___ Data shown
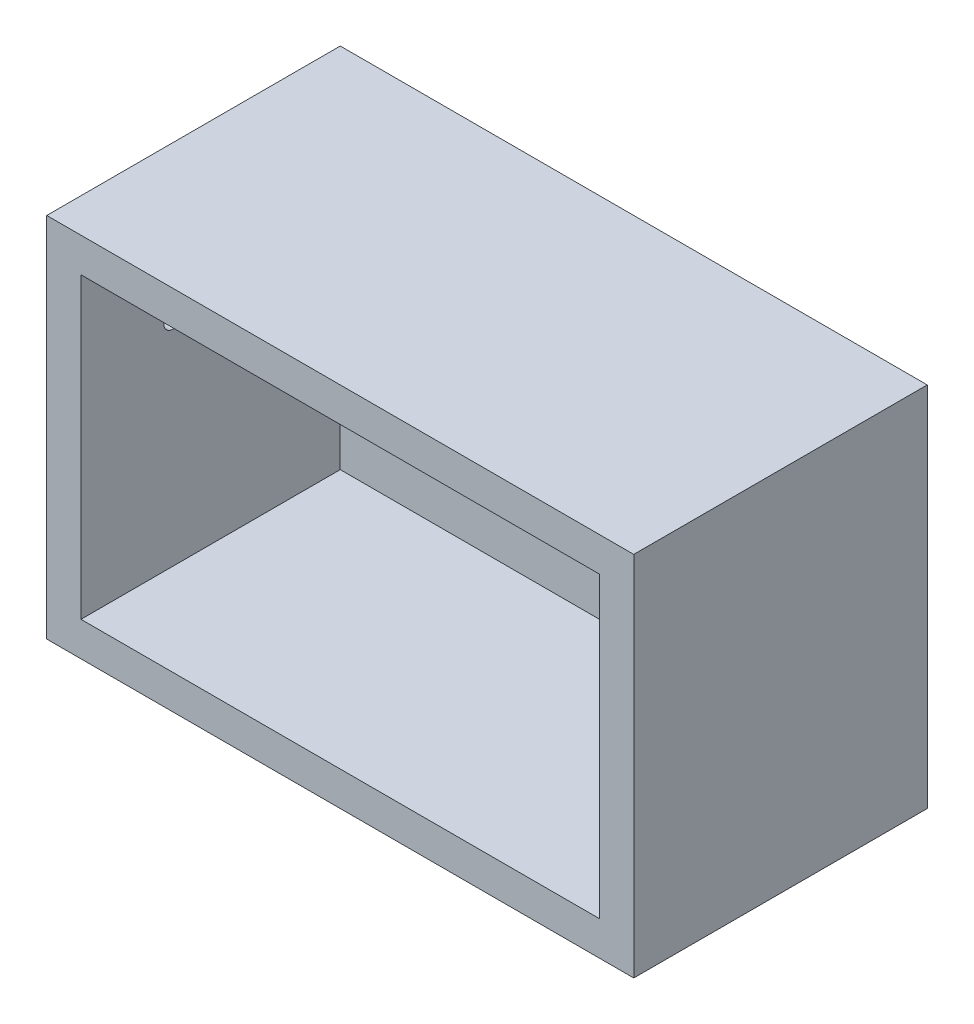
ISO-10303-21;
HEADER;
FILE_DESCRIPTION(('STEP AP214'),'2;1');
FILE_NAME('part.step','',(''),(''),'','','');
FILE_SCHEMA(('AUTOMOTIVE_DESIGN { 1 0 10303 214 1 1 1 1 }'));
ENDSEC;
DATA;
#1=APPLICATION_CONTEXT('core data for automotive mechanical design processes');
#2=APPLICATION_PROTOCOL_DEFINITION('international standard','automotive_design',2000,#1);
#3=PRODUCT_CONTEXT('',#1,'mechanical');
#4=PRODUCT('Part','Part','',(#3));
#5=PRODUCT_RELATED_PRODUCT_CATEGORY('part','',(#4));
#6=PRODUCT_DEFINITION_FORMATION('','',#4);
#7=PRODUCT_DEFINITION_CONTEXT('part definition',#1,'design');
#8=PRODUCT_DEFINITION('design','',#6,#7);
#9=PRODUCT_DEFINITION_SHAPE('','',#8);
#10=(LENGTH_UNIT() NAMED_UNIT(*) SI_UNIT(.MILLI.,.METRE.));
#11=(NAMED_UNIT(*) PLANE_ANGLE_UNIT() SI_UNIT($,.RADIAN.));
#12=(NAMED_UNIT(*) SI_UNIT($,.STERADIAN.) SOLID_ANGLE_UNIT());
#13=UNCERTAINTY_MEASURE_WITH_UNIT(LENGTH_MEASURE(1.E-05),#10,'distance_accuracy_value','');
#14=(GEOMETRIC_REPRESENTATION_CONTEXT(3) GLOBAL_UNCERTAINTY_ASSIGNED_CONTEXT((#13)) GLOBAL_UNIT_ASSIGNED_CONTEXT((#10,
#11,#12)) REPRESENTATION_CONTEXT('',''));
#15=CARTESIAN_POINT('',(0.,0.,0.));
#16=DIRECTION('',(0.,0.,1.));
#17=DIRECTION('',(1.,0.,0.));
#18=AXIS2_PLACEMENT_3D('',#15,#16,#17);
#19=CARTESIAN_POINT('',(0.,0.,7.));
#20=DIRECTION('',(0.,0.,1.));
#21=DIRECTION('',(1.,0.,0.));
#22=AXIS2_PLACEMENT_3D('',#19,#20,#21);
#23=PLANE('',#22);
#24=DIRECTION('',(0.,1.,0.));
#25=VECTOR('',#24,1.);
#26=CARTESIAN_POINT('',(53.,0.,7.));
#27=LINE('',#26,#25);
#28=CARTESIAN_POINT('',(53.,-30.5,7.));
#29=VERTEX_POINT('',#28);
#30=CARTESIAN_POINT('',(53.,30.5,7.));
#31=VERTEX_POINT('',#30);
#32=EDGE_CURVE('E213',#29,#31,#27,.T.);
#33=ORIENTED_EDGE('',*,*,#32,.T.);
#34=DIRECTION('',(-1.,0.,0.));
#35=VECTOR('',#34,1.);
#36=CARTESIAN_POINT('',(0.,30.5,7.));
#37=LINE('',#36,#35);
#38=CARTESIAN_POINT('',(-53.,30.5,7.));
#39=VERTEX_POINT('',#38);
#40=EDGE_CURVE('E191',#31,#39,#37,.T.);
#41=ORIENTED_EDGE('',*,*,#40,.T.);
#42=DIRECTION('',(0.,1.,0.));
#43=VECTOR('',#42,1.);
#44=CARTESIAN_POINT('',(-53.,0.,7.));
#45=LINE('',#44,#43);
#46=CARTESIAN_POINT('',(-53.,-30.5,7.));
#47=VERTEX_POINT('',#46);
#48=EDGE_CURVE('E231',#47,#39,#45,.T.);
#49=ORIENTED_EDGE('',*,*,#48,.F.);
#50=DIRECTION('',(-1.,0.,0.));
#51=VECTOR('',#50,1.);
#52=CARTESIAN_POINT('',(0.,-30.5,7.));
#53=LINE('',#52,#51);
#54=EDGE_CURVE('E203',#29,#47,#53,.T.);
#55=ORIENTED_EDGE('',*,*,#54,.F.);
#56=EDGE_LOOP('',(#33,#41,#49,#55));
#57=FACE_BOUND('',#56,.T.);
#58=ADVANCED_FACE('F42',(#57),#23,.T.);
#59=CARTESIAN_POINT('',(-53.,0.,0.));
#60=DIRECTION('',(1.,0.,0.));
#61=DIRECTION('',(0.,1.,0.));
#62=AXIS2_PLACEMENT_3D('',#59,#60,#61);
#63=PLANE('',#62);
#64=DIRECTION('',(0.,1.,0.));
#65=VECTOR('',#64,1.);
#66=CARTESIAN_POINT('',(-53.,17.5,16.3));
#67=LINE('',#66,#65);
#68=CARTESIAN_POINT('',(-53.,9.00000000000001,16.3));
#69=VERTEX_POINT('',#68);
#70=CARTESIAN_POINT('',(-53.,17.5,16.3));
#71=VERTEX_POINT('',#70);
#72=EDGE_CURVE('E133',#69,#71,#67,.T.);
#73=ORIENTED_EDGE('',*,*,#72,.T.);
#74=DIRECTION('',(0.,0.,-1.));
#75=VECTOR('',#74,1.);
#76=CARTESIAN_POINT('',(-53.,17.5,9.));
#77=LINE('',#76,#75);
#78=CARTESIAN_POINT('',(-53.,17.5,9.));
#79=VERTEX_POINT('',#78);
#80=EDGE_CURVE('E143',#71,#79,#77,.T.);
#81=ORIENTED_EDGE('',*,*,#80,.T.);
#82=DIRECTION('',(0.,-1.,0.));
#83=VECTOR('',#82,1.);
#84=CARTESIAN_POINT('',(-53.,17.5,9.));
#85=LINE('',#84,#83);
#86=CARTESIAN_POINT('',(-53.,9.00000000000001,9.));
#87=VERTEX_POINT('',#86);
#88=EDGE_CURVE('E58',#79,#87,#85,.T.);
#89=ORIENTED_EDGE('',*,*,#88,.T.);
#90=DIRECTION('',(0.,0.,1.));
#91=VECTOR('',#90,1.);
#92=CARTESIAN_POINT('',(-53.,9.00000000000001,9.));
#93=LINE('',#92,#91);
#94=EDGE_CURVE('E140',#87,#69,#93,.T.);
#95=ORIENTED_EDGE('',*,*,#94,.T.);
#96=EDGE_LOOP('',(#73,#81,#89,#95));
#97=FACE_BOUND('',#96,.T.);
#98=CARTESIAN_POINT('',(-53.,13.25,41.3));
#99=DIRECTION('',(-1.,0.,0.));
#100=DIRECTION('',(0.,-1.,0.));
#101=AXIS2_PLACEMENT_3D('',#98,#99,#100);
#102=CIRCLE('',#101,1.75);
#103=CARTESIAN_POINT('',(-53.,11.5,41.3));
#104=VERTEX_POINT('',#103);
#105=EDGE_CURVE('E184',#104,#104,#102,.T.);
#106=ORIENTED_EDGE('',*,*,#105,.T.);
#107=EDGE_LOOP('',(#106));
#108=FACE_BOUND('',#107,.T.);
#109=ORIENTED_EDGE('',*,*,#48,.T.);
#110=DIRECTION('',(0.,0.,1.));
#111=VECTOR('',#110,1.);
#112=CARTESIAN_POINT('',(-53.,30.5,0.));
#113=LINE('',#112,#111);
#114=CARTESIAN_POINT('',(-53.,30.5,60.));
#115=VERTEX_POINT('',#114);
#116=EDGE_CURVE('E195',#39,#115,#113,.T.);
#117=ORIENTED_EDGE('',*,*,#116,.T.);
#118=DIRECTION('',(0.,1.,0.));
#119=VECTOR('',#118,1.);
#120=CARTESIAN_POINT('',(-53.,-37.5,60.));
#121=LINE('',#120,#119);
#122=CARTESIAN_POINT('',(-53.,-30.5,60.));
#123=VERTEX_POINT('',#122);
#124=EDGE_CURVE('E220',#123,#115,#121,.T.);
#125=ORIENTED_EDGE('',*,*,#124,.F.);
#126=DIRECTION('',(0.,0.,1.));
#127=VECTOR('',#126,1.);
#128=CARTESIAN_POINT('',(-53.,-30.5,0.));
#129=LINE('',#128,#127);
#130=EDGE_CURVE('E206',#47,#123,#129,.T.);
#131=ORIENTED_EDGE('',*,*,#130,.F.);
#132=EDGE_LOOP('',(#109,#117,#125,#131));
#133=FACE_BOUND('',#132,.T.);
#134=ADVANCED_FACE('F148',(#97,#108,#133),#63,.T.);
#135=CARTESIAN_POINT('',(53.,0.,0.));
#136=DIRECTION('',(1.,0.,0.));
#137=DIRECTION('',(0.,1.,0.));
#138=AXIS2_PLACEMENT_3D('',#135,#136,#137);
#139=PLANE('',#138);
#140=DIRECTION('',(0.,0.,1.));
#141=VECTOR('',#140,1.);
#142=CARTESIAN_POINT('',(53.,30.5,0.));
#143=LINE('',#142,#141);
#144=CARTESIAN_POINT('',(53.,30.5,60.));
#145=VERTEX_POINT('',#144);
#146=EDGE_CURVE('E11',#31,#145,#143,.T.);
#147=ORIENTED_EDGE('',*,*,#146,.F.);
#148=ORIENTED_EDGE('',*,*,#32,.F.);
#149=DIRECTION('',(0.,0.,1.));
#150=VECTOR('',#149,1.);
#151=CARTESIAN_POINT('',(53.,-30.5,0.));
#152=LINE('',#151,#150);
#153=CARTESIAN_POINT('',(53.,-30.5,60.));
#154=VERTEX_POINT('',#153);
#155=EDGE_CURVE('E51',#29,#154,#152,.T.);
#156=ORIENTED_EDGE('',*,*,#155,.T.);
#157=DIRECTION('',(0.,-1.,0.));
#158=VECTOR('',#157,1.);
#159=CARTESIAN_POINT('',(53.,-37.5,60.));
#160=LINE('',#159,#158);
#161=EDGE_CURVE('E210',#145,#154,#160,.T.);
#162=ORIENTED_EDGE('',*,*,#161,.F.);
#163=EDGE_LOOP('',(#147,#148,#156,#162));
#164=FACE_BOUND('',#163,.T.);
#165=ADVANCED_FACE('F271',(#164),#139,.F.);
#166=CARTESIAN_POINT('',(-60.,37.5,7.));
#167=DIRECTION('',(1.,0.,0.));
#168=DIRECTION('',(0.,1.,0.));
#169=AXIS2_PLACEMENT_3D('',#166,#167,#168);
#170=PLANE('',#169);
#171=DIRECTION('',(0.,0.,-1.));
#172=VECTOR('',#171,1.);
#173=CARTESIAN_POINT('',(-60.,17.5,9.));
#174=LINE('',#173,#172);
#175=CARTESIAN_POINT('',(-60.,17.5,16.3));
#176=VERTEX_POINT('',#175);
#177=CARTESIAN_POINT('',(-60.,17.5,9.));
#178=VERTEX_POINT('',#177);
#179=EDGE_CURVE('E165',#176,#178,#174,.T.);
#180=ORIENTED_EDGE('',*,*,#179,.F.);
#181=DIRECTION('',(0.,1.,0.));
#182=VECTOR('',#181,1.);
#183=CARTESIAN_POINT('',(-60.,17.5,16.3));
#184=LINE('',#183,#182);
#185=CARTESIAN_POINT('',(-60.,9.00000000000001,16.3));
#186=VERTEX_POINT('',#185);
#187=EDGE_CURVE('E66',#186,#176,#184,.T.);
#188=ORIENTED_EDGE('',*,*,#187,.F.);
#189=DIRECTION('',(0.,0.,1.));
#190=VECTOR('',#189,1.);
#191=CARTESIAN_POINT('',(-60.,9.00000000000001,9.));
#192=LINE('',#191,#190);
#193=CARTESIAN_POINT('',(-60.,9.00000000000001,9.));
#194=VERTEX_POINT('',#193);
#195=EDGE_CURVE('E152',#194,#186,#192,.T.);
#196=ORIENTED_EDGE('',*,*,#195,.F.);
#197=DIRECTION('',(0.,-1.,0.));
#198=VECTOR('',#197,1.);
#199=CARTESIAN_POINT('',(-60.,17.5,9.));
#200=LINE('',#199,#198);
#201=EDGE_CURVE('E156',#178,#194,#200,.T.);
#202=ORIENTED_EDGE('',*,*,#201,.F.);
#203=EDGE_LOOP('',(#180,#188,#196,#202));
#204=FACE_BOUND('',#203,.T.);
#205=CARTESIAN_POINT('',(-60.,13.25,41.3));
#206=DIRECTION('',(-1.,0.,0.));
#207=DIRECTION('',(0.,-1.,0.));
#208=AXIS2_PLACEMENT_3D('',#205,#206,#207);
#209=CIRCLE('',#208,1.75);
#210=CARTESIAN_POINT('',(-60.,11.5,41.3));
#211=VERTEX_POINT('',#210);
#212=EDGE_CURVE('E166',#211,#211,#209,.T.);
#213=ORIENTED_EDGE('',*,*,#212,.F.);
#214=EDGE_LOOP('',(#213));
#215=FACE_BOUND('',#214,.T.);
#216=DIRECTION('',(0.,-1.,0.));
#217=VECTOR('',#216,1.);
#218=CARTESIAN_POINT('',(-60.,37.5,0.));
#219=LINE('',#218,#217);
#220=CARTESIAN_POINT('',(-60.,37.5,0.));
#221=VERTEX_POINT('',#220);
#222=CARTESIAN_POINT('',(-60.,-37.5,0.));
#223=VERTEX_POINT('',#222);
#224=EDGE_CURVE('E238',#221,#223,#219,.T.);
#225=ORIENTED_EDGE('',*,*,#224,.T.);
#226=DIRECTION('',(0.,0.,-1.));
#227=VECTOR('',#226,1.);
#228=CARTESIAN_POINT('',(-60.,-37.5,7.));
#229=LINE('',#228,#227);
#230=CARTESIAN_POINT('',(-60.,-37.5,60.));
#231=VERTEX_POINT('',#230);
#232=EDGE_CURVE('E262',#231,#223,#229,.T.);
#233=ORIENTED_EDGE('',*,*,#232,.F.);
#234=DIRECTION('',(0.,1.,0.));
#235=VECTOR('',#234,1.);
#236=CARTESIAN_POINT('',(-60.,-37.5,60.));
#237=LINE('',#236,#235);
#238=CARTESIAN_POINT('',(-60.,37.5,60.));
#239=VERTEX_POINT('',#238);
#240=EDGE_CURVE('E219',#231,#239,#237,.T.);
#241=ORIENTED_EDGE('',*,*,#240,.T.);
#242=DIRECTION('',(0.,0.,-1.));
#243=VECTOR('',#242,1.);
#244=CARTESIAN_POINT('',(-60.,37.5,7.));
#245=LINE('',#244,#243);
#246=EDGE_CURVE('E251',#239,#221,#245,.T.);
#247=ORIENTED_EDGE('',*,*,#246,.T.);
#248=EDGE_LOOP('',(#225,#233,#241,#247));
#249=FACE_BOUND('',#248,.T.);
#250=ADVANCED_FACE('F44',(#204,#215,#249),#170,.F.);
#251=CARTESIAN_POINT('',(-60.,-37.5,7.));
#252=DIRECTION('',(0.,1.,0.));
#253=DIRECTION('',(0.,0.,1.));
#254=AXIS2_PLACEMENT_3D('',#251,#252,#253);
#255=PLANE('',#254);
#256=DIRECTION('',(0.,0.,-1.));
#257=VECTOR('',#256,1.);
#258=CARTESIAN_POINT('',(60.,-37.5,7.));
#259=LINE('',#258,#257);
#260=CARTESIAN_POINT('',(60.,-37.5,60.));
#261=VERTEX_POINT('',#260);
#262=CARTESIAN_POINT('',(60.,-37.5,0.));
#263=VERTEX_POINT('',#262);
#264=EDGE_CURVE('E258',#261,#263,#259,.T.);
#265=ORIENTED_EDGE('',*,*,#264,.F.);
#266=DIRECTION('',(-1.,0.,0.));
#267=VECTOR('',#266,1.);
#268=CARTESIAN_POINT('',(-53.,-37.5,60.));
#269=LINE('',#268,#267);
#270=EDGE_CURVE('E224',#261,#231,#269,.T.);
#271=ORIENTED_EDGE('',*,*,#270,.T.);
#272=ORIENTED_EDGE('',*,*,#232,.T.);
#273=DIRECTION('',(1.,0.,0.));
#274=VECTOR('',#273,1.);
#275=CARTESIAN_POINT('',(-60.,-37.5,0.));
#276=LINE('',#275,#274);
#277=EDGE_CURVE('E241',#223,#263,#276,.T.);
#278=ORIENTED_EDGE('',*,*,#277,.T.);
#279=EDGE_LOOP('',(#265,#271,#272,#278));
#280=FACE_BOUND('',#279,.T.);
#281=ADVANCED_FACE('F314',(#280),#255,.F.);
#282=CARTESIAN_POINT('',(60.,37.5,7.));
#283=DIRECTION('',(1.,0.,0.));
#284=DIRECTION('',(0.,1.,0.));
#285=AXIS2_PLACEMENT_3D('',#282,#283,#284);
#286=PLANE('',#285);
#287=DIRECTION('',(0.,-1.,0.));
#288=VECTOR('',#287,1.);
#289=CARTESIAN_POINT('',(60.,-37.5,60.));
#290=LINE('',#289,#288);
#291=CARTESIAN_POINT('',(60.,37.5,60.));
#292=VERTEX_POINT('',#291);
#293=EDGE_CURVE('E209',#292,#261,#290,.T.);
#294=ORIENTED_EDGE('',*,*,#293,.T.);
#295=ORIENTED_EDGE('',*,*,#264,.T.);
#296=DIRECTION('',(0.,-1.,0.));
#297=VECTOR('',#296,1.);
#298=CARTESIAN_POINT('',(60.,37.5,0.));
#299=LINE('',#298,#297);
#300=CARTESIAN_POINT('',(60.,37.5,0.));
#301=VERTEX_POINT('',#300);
______
## What is required
Return a word-for-word copy of the lines above from the one holding "#285=AXIS2_PLACEMENT_3D('',#282,#283,#284);" through the one holding "#297=VECTOR('',#296,1.);", with both of them included and nothing besides.

## Exercise result
#285=AXIS2_PLACEMENT_3D('',#282,#283,#284);
#286=PLANE('',#285);
#287=DIRECTION('',(0.,-1.,0.));
#288=VECTOR('',#287,1.);
#289=CARTESIAN_POINT('',(60.,-37.5,60.));
#290=LINE('',#289,#288);
#291=CARTESIAN_POINT('',(60.,37.5,60.));
#292=VERTEX_POINT('',#291);
#293=EDGE_CURVE('E209',#292,#261,#290,.T.);
#294=ORIENTED_EDGE('',*,*,#293,.T.);
#295=ORIENTED_EDGE('',*,*,#264,.T.);
#296=DIRECTION('',(0.,-1.,0.));
#297=VECTOR('',#296,1.);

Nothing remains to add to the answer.